BRIEF:
Please take the lines from the one holding "Ix/1 -> Mux/1" through the one holding "Demux/2 -> Trigonometric Function3/1, Trigonometric" in the data below and copy them exactly.

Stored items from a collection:
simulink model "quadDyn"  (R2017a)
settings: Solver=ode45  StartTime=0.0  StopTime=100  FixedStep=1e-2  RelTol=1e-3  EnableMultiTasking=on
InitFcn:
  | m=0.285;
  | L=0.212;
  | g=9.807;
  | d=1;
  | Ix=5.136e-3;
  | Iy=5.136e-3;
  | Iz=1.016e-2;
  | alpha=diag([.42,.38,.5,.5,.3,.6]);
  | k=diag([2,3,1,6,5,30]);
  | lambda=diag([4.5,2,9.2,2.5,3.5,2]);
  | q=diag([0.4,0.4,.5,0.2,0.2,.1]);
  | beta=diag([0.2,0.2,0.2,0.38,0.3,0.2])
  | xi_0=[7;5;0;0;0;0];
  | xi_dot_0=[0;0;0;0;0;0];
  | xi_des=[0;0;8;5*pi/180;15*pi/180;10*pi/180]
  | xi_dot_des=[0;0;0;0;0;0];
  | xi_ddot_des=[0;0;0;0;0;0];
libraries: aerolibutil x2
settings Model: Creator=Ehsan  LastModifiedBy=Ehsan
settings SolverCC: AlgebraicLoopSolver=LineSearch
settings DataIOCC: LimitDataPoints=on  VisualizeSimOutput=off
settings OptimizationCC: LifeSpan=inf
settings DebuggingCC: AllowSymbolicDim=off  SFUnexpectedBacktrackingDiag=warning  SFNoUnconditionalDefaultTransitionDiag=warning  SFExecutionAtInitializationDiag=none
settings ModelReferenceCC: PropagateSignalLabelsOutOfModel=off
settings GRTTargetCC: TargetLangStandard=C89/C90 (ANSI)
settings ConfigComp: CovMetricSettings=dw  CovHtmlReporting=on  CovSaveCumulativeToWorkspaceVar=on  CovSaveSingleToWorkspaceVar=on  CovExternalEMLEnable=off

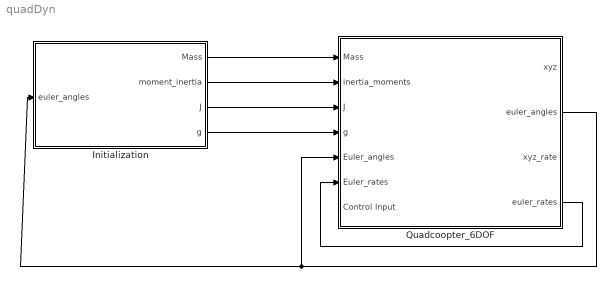
== system quadDyn ==
  Initialization : Subsystem
  Quadcoopter_6DOF : Subsystem
  wires:
  Quadcoopter_6DOF/2(euler_angles) -> Quadcoopter_6DOF/5(Euler_angles), Initialization/1(euler_angles)
  Quadcoopter_6DOF/4(euler_rates) -> Quadcoopter_6DOF/6(Euler_rates)
  Initialization/1(Mass) -> Quadcoopter_6DOF/1(Mass)
  Initialization/2(moment_inertia) -> Quadcoopter_6DOF/2(inertia_moments)
  Initialization/3(J) -> Quadcoopter_6DOF/3(J)
  Initialization/4(g) -> Quadcoopter_6DOF/4(g)

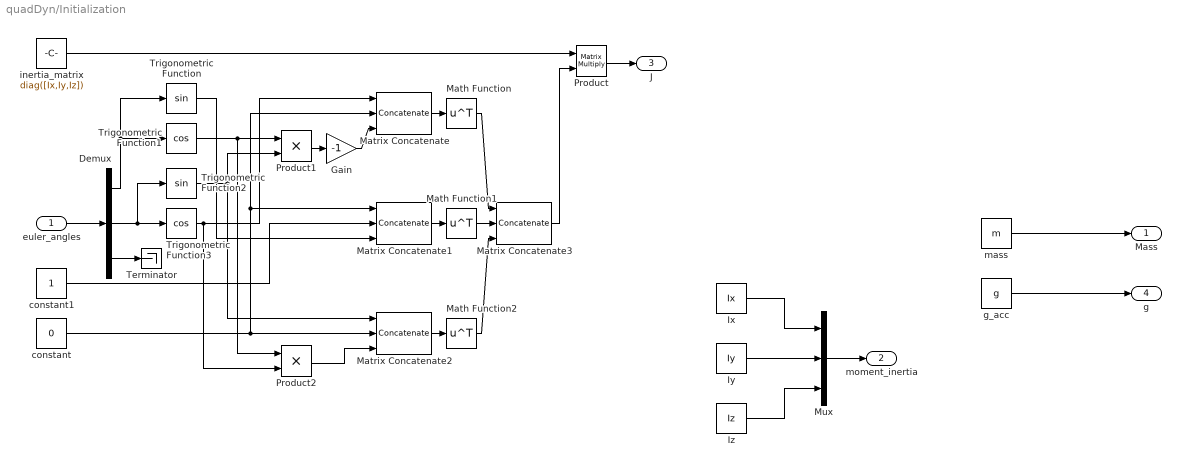
== system quadDyn/Initialization ==
  euler_angles : Inport
  Demux : Demux  Outputs=3
  Gain : Gain  Gain=-1
  Ix : Constant  Value=Ix
  Iy : Constant  Value=Iy
  Iz : Constant  Value=Iz
  Math Function : Math  Operator=transpose  SaturateOnIntegerOverflow=on
  Math Function1 : Math  Operator=transpose  SaturateOnIntegerOverflow=on
  Math Function2 : Math  Operator=transpose  SaturateOnIntegerOverflow=on
  Matrix Concatenate : Concatenate  NumInputs=3  ConcatenateDimension=2
  Matrix Concatenate1 : Concatenate  NumInputs=3  ConcatenateDimension=2
  Matrix Concatenate2 : Concatenate  NumInputs=3  ConcatenateDimension=2
  Matrix Concatenate3 : Concatenate  NumInputs=3  Mode=Multidimensional array
  Mux : Mux  Inputs=3
  Product : Product  Multiplication=Matrix(*)
  Product1 : Product
  Product2 : Product
  Terminator : Terminator
  Trigonometric Function : Trigonometry
  Trigonometric Function1 : Trigonometry  Operator=cos
  Trigonometric Function2 : Trigonometry
  Trigonometric Function3 : Trigonometry  Operator=cos
  constant : Constant  Value=0
  constant1 : Constant
  g_acc : Constant  Value=g
  inertia_matrix : Constant  Value=diag([Ix,Iy,Iz])
  mass : Constant  Value=m
  Mass : Outport
  moment_inertia : Outport  Port=2
  J : Outport  Port=3
  g : Outport  Port=4
  wires:
  mass/1 -> Mass/1
  Iy/1 -> Mux/2
  Ix/1 -> Mux/1
  Iz/1 -> Mux/3
  Mux/1 -> moment_inertia/1
  g_acc/1 -> g/1
  euler_angles/1 -> Demux/1
  Demux/3 -> Terminator/1
  Product/1 -> J/1
  inertia_matrix/1 -> Product/1
  Demux/1 -> Trigonometric Function/1, Trigonometric Function1/1
  Demux/2 -> Trigonometric Function3/1, Trigonometric Function2/1
  Trigonometric Function3/1 -> Product2/2, Matrix Concatenate/1
  constant/1 -> Matrix Concatenate1/1, Matrix Concatenate/2, Matrix Concatenate2/2
  Product1/1 -> Gain/1
  Trigonometric Function1/1 -> Product2/1, Product1/1
  Trigonometric Function2/1 -> Matrix Concatenate2/1, Product1/2
  Gain/1 -> Matrix Concatenate/3
  Trigonometric Function/1 -> Matrix Concatenate1/3
  constant1/1 -> Matrix Concatenate1/2
  Product2/1 -> Matrix Concatenate2/3
  Matrix Concatenate3/1 -> Product/2
  Matrix Concatenate/1 -> Math Function/1
  Matrix Concatenate1/1 -> Math Function1/1
  Math Function1/1 -> Matrix Concatenate3/2
  Matrix Concatenate2/1 -> Math Function2/1
  Math Function2/1 -> Matrix Concatenate3/3
  Math Function/1 -> Matrix Concatenate3/1

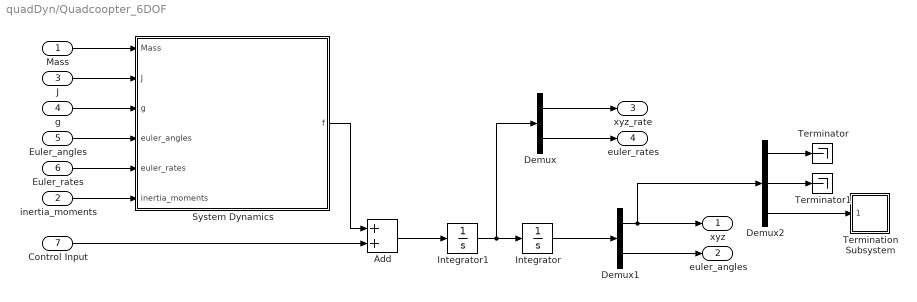
== system quadDyn/Quadcoopter_6DOF ==
  Mass : Inport
  inertia_moments : Inport  Port=2
  J : Inport  Port=3
  g : Inport  Port=4
  Euler_angles : Inport  Port=5
  Euler_rates : Inport  Port=6
  Control Input : Inport  Port=7
  Add : Sum
  Demux : Demux  Outputs=2
  Demux1 : Demux  Outputs=2
  Demux2 : Demux  Outputs=3
  Integrator : Integrator  InitialCondition=xi_0
  Integrator1 : Integrator  InitialCondition=xi_dot_0
  System Dynamics : Subsystem
  Termination Subsystem : Subsystem
  Terminator : Terminator
  Terminator1 : Terminator
  xyz : Outport
  euler_angles : Outport  Port=2
  xyz_rate : Outport  Port=3
  euler_rates : Outport  Port=4
  wires:
  Integrator1/1 -> Demux/1, Integrator/1
  Euler_rates/1 -> System Dynamics/5(euler_rates)
  System Dynamics/1(f) -> Add/1
  g/1 -> System Dynamics/3(g)
  J/1 -> System Dynamics/2(J)
  Mass/1 -> System Dynamics/1(Mass)
  Euler_angles/1 -> System Dynamics/4(euler_angles)
  inertia_moments/1 -> System Dynamics/6(inertia_moments)
  Integrator/1 -> Demux1/1
  Demux/2 -> euler_rates/1
  Demux1/1 -> Demux2/1, xyz/1
  Demux1/2 -> euler_angles/1
  Demux2/3 -> Termination Subsystem/1(Height)
  Demux/1 -> xyz_rate/1
  Demux2/1 -> Terminator/1
  Demux2/2 -> Terminator1/1
  Control Input/1 -> Add/2
  Add/1 -> Integrator1/1

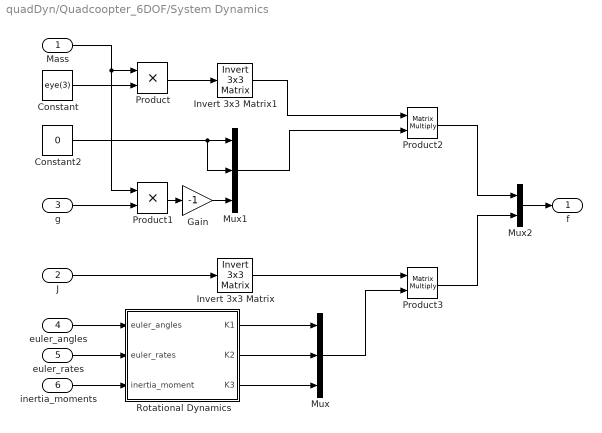
== system quadDyn/Quadcoopter_6DOF/System Dynamics ==
  Mass : Inport
  J : Inport  Port=2
  g : Inport  Port=3
  euler_angles : Inport  Port=4
  euler_rates : Inport  Port=5
  inertia_moments : Inport  Port=6
  Constant : Constant  Value=eye(3)
  Constant2 : Constant  Value=0
  Gain : Gain  Gain=-1
  Invert 3x3 Matrix : aerolibutil/Invert  3x3 Matrix
  Invert 3x3 Matrix1 : aerolibutil/Invert  3x3 Matrix
  Mux : Mux  Inputs=3
  Mux1 : Mux  Inputs=3
  Mux2 : Mux  Inputs=2
  Product : Product
  Product1 : Product
  Product2 : Product  Multiplication=Matrix(*)
  Product3 : Product  Multiplication=Matrix(*)
  Rotational Dynamics : Subsystem
  f : Outport
  wires:
  Rotational Dynamics/3(K3) -> Mux/3
  Constant/1 -> Product/2
  Mux2/1 -> f/1
  g/1 -> Product1/2
  Constant2/1 -> Mux1/2, Mux1/1
  Rotational Dynamics/1(K1) -> Mux/1
  Rotational Dynamics/2(K2) -> Mux/2
  Mass/1 -> Product1/1, Product/1
  euler_angles/1 -> Rotational Dynamics/1(euler_angles)
  euler_rates/1 -> Rotational Dynamics/2(euler_rates)
  inertia_moments/1 -> Rotational Dynamics/3(inertia_moment)
  Mux/1 -> Product3/2
  Product/1 -> Invert 3x3 Matrix1/1
  Mux1/1 -> Product2/2
  J/1 -> Invert 3x3 Matrix/1
  Invert 3x3 Matrix/1 -> Product3/1
  Invert 3x3 Matrix1/1 -> Product2/1
  Product2/1 -> Mux2/1
  Product3/1 -> Mux2/2
  Product1/1 -> Gain/1
  Gain/1 -> Mux1/3

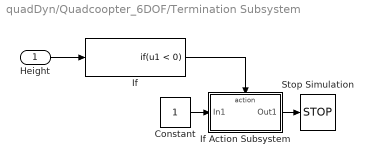
== system quadDyn/Quadcoopter_6DOF/Termination Subsystem ==
  Height : Inport
  Constant : Constant
  If : If  IfExpression=u1 < 0  ShowElse=off
  If Action Subsystem : Subsystem  TreatAsAtomicUnit=on
  Stop Simulation : Stop
  wires:
  If/1 -> If Action Subsystem/Action
  If Action Subsystem/1(Out1) -> Stop Simulation/1
  Constant/1 -> If Action Subsystem/1(In1)
  Height/1 -> If/1

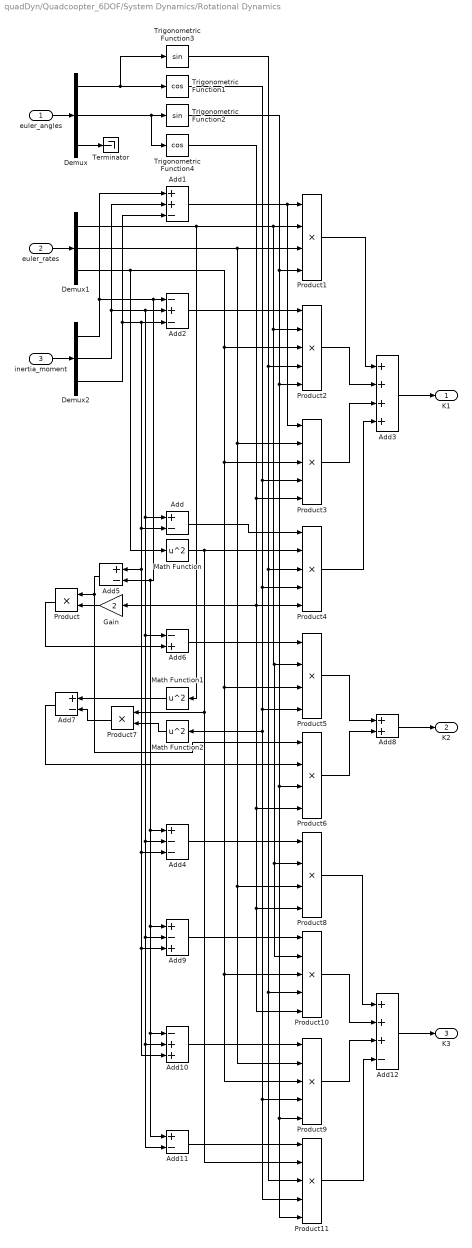
== system quadDyn/Quadcoopter_6DOF/System Dynamics/Rotational Dynamics ==
  euler_angles : Inport
  euler_rates : Inport  Port=2
  inertia_moment : Inport  Port=3
  Add{,5,7,11} (4 alike) : Sum  Inputs=+-
  Add1 : Sum  Inputs=++-
  Add10 : Sum  Inputs=-++
  Add12 : Sum  Inputs=+++-
  Add2 : Sum  Inputs=-+-
  Add3 : Sum  Inputs=++++
  Add4 : Sum  Inputs=+--
  Add6 : Sum  Inputs=-+
  Add8 : Sum
  Add9 : Sum  Inputs=+-+
  Demux : Demux  Outputs=3
  Demux1 : Demux  Outputs=3
  Demux2 : Demux  Outputs=3
  Gain : Gain  Gain=2
  Math Function : Math  Operator=square  SaturateOnIntegerOverflow=on
  Math Function1 : Math  Operator=square  SaturateOnIntegerOverflow=on
  Math Function2 : Math  Operator=square  SaturateOnIntegerOverflow=on
  Product : Product
  Product{1,5..6,8} (4 alike) : Product  Inputs=4
  Product{2..4,9..11} (6 alike) : Product  Inputs=5
  Product7 : Product
  Terminator : Terminator
  Trigonometric Function1 : Trigonometry  Operator=cos
  Trigonometric Function2 : Trigonometry
  Trigonometric Function3 : Trigonometry
  Trigonometric Function4 : Trigonometry  Operator=cos
  K1 : Outport
  K2 : Outport  Port=2
  K3 : Outport  Port=3
  wires:
  euler_angles/1 -> Demux/1
  euler_rates/1 -> Demux1/1
  inertia_moment/1 -> Demux2/1
  Demux/2 -> Trigonometric Function4/1, Trigonometric Function2/1
  Demux1/1 -> Math Function1/1, Product8/2, Product10/2, Product5/2, Product2/2, Product1/2
  Demux1/2 -> Product3/2, Product9/2, Product8/3, Product1/3
  Trigonometric Function2/1 -> Product11/5, Product9/5, Product6/3, Product2/5, Product1/4
  Add1/1 -> Product3/1, Product1/1
  Demux2/1 -> Add11/1, Add10/1, Add9/1, Add4/1, Add5/2, Add2/1, Add1/1
  Demux2/2 -> Add11/2, Add10/2, Add9/2, Add4/2, Add6/1, Add/1, Add2/2, Add1/2
  Demux2/3 -> Add2/3, Add5/1, Add10/3, Add9/3, Add4/3, Add/2, Add1/3
  Demux/1 -> Trigonometric Function3/1, Trigonometric Function1/1
  Trigonometric Function3/1 -> Product11/3, Product10/4, Product4/3, Product2/4
  Demux1/3 -> Math Function/1, Product9/3, Product10/3, Product5/3, Product3/3, Product2/3
  Add2/1 -> Product2/1
  Trigonometric Function4/1 -> Gain/1, Product10/5, Product8/4, Product6/4, Product4/5, Product3/5
  Trigonometric Function1/1 -> Product5/4, Math Function2/1, Product11/4, Product9/4, Product4/4, Product3/4
  Math Function/1 -> Product11/2, Product7/1, Product4/2
  Add/1 -> Product4/1
  Product2/1 -> Add3/2
  Product3/1 -> Add3/3
  Product1/1 -> Add3/1
  Product4/1 -> Add3/4
  Add3/1 -> K1/1
  Add5/1 -> Product6/1, Product/1
  Gain/1 -> Product/2
  Add6/1 -> Product5/1
  Product/1 -> Add6/2
  Product7/1 -> Add7/2
  Add7/1 -> Product6/2
  Math Function2/1 -> Product7/2
  Add8/1 -> K2/1
  Product5/1 -> Add8/1
  Product6/1 -> Add8/2
  Add4/1 -> Product8/1
  Add9/1 -> Product10/1
  Add10/1 -> Product9/1
  Add11/1 -> Product11/1
  Product9/1 -> Add12/3
  Product10/1 -> Add12/2
  Product11/1 -> Add12/4
  Product8/1 -> Add12/1
  Add12/1 -> K3/1
  Demux/3 -> Terminator/1
  Math Function1/1 -> Add7/1

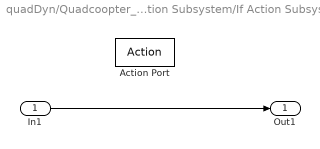
== system quadDyn/Quadcoopter_6DOF/Termination Subsystem/If Action Subsystem ==
  In1 : Inport
  Action Port : ActionPort  ActionType=then
  Out1 : Outport
  wires:
  In1/1 -> Out1/1

ANSWER FOR THIS EXERCISE:
  Ix/1 -> Mux/1
  Iz/1 -> Mux/3
  Mux/1 -> moment_inertia/1
  g_acc/1 -> g/1
  euler_angles/1 -> Demux/1
  Demux/3 -> Terminator/1
  Product/1 -> J/1
  inertia_matrix/1 -> Product/1
  Demux/1 -> Trigonometric Function/1, Trigonometric Function1/1
  Demux/2 -> Trigonometric Function3/1, Trigonometric Function2/1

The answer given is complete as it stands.